Agatha Christie. Murder on the Links

‘Of course,’ began Giraud, ‘I soon saw through all that Chilean tomfoolery. Two men were in it—but they were not mysterious foreigners! All that was a blind.’

‘Very creditable so far, my dear Giraud,’ murmured Poirot. ‘Especially after that clever trick of theirs with the match and cigarette end.’

Giraud glared, but continued. ‘A man must have been connected with the case, in order to dig the grave. There is no man who actually benefits by the crime, but there was a man who thought he would benefit. I heard of Jack Renauld’s quarrel with his father, and of the threats that he had used. The motive was established. Now as to means. Jack Renauld was in Merlinville that night. He concealed the fact—which turned suspicion into certainty.’

‘Then we found a second victim—stabbed with the same dagger. We know when that dagger was stolen. Captain Hastings here can fix the time. Jack Renauld, arriving from Cherbourg, was the only person who could have taken it.’

‘I have accounted for all the other members of the household.’

Poirot interrupted.

‘You are wrong. There is one other person who could have taken the dagger.’

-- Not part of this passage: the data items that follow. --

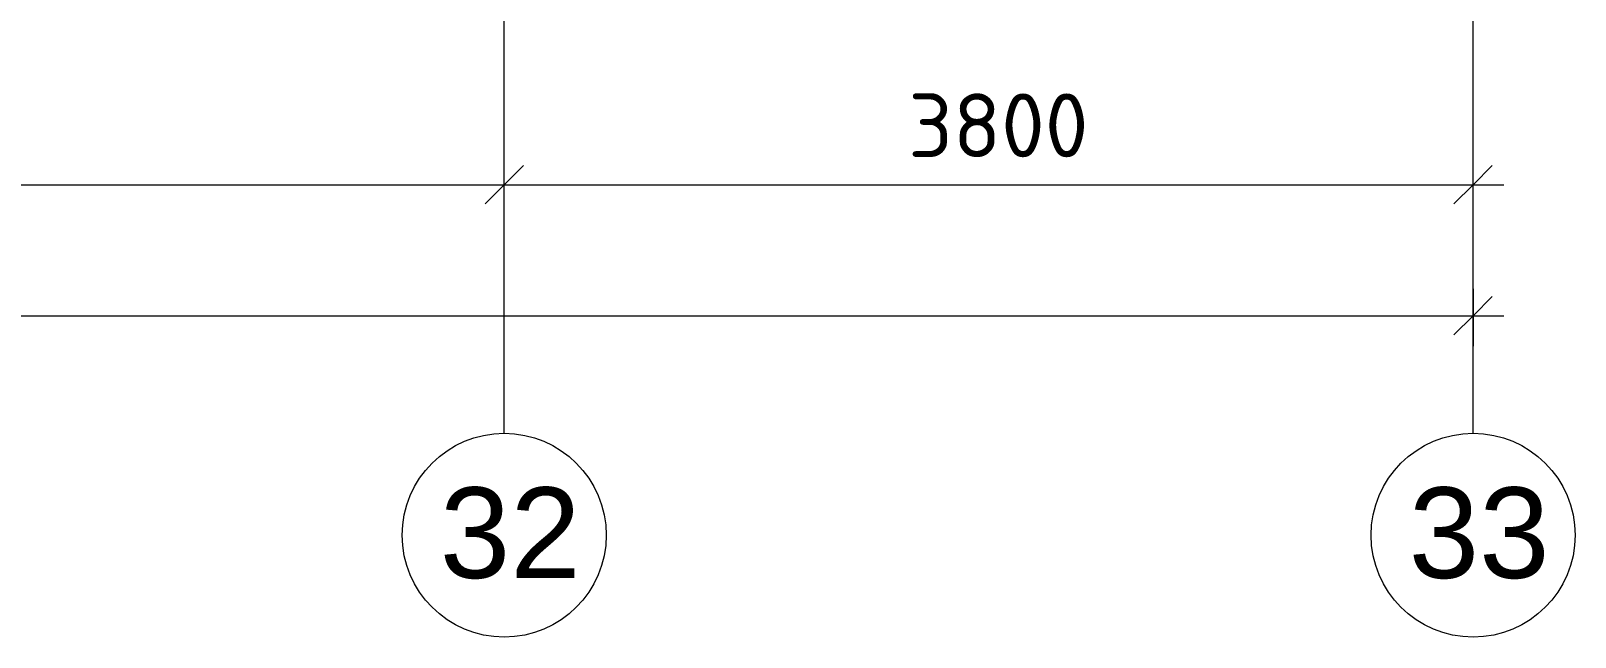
# Model space of a CAD drawing. Header units: millimetres. Extents: x -3817 to 677485, y -22715 to 103890.
# Drawn here: x 446632 to 452689, y -787 to 1592 of the extents above; entities that cross this region are included whole.
import ezdxf

# ---------------------------------------------------------------- set-up
doc = ezdxf.new("R2010")
doc.units = ezdxf.units.MM
doc.layers.add('PDF _Геометрия', color=7, linetype='Continuous', true_color=0x1d1d1d)
doc.layers.add('PDF _Текст', color=7, linetype='Continuous')
doc.styles.add('PDF ArialMT', font='arial.ttf')
doc.styles.add('PDF ISOCPEUR', font='isocpeur.ttf')

msp = doc.modelspace()

# ---------------------------------------------------------------- linework, layer by layer
at = {"layer": 'PDF _Геометрия', "color": 253, "lineweight": 9, "true_color": 0xaaaaaa}
for points in [[(448488.6, 12.7), (448488.6, 2512.7), (448488.6, 4779.7)], [(452288.6, 12.7), (452288.6, 2512.7), (452288.6, 4779.7)]]:
    msp.add_lwpolyline(points, dxfattribs=at)
at = {"layer": 'PDF _Геометрия', "color": 7, "lineweight": 9}
for points in [[(448488.6, 794.4), (448488.6, 988.3), (448488.6, 1108.3)], [(452288.6, 794.4), (452288.6, 988.3), (452288.6, 1108.3)], [(411718.6, 988.3), (412138.6, 988.3), (416638.6, 988.3), (420138.6, 988.3), (421938.6, 988.3), (425888.6, 988.3), (427988.6, 988.3), (433088.6, 988.3), (434488.6, 988.3), (437988.6, 988.3), (443238.6, 988.3), (448488.6, 988.3), (452408.6, 988.3)], [(452288.6, 580.2), (452288.6, 474.1), (452288.6, 354.1)], [(411718.6, 474.1), (452408.6, 474.1)]]:
    msp.add_lwpolyline(points, dxfattribs=at)
at = {"layer": 'PDF _Геометрия', "color": 7, "lineweight": 20}
for points in [[(448563.6, 1063.3), (448488.6, 988.3), (448413.6, 913.3)], [(452363.6, 1063.3), (452288.6, 988.3), (452213.6, 913.3)], [(452363.6, 549.1), (452288.6, 474.1), (452213.6, 399.1)]]:
    msp.add_lwpolyline(points, dxfattribs=at)
at = {"layer": 'PDF _Геометрия', "color": 253, "lineweight": 9, "true_color": 0xaaaaaa}
for centre in [(448488.6, -387.3), (452288.6, -387.3)]:
    msp.add_circle(centre, 400, dxfattribs=at)
at = {"layer": 'PDF _Геометрия', "color": 253, "lineweight": 20, "true_color": 0xaaaaaa}
for centre in [(448488.6, -387.3), (452288.6, -387.3)]:
    msp.add_circle(centre, 400, dxfattribs=at)

# ---------------------------------------------------------------- texts
at = {"layer": 'PDF _Текст', "insert": (450072.6, 1221.1), "char_height": 250.11, "attachment_point": 4, "style": 'PDF ISOCPEUR'}
msp.add_mtext('3800', dxfattribs=at)
at = {"layer": 'PDF _Текст', "color": 9, "true_color": 0xbebebe, "char_height": 355.6, "attachment_point": 4, "style": 'PDF ArialMT'}
for s, insert in [('32', (448236, -380)), ('33', (452036, -380))]:
    msp.add_mtext(s, dxfattribs=dict(at, insert=insert))

doc.saveas('drawing.dxf')

‘You refer to Monsieur Stonor? He arrived at the front door, in an automobile which had brought him straight from Calais. Ah! believe me, I have looked into everything. Monsieur Jack Renauld arrived by train. An hour elapsed between his arrival and the moment when he presented himself at the house. Without doubt, he saw Captain Hastings and his companion leave the shed, slipped in himself and took the dagger, stabbed his accomplice in the shed—’

‘Who was already dead!’

Giraud shrugged his shoulders. ‘Possibly he did not observe that. He may have judged him to be sleeping. Without doubt they had a rendezvous. In any case he knew this apparent second murder would greatly complicate the case. It did.’

‘But it could not deceive Monsieur Giraud,’ murmured Poirot.

‘You mock at me! But I will give you one last irrefutable proof. Madame Renauld’s story was false—a fabrication from beginning to end. We believe Madame Renauld to have loved her husband—yet she lied to shield his murderer. For whom will a woman lie? Sometimes for herself, usually for the man she loves, always for her children. That is the last—the irrefutable proof. You cannot get round it.’

Giraud paused flushed and triumphant. Poirot regarded him steadily.

‘That is my case,’ said Giraud. ‘What have you to say to it?’

‘Only that there is one thing you have failed to take into account.’

‘What is that?’

‘Jack Renauld was presumably acquainted with the planning out of the golf course. He knew that the body would be discovered almost at once when they started to dig the bunker.’

Giraud laughed out loud. ‘But it is idiotic what you say there! He wanted the body to be found! Until it was found, he could not presume death and would have been unable to enter into his inheritance.’

I saw a quick flash of green in Poiroes eyes as he rose to his feet.

‘Then why bury it?’ he asked very softly. ‘Reflect, Giraud. Since it was to Jack Renauld’s advantage that the body should be found without delay, why dig a grave at all?’

Giraud did not reply. The question found him unprepared. He shrugged his shoulders as though to intimate that it was of no importance.

Poirot moved towards the door. I followed him.

‘There is one more thing that you have failed to take into account,’ he said over his shoulder.

‘What is that?’

‘The piece of lead piping,’ said Poirot, and left the room.

Jack Renauld still stood in the hall, with a white dumb face, but as we came out of the salon he looked up sharply.

At the same moment there was the sound of a footfall on the staircase. Mrs. Renauld was descending it. At the sight of her son, standing between the two myrmidons of the law, she stopped as though petrified.

‘Jack,’ she faltered. ‘Jack, what is this?’

He looked up at her, his face set. ‘They have arrested me, mother.’

‘What?’

She uttered a piercing cry, and before anyone could get to her, swayed, and fell heavily. We both ran to her and lifted her up. In a minute Poirot stood up again.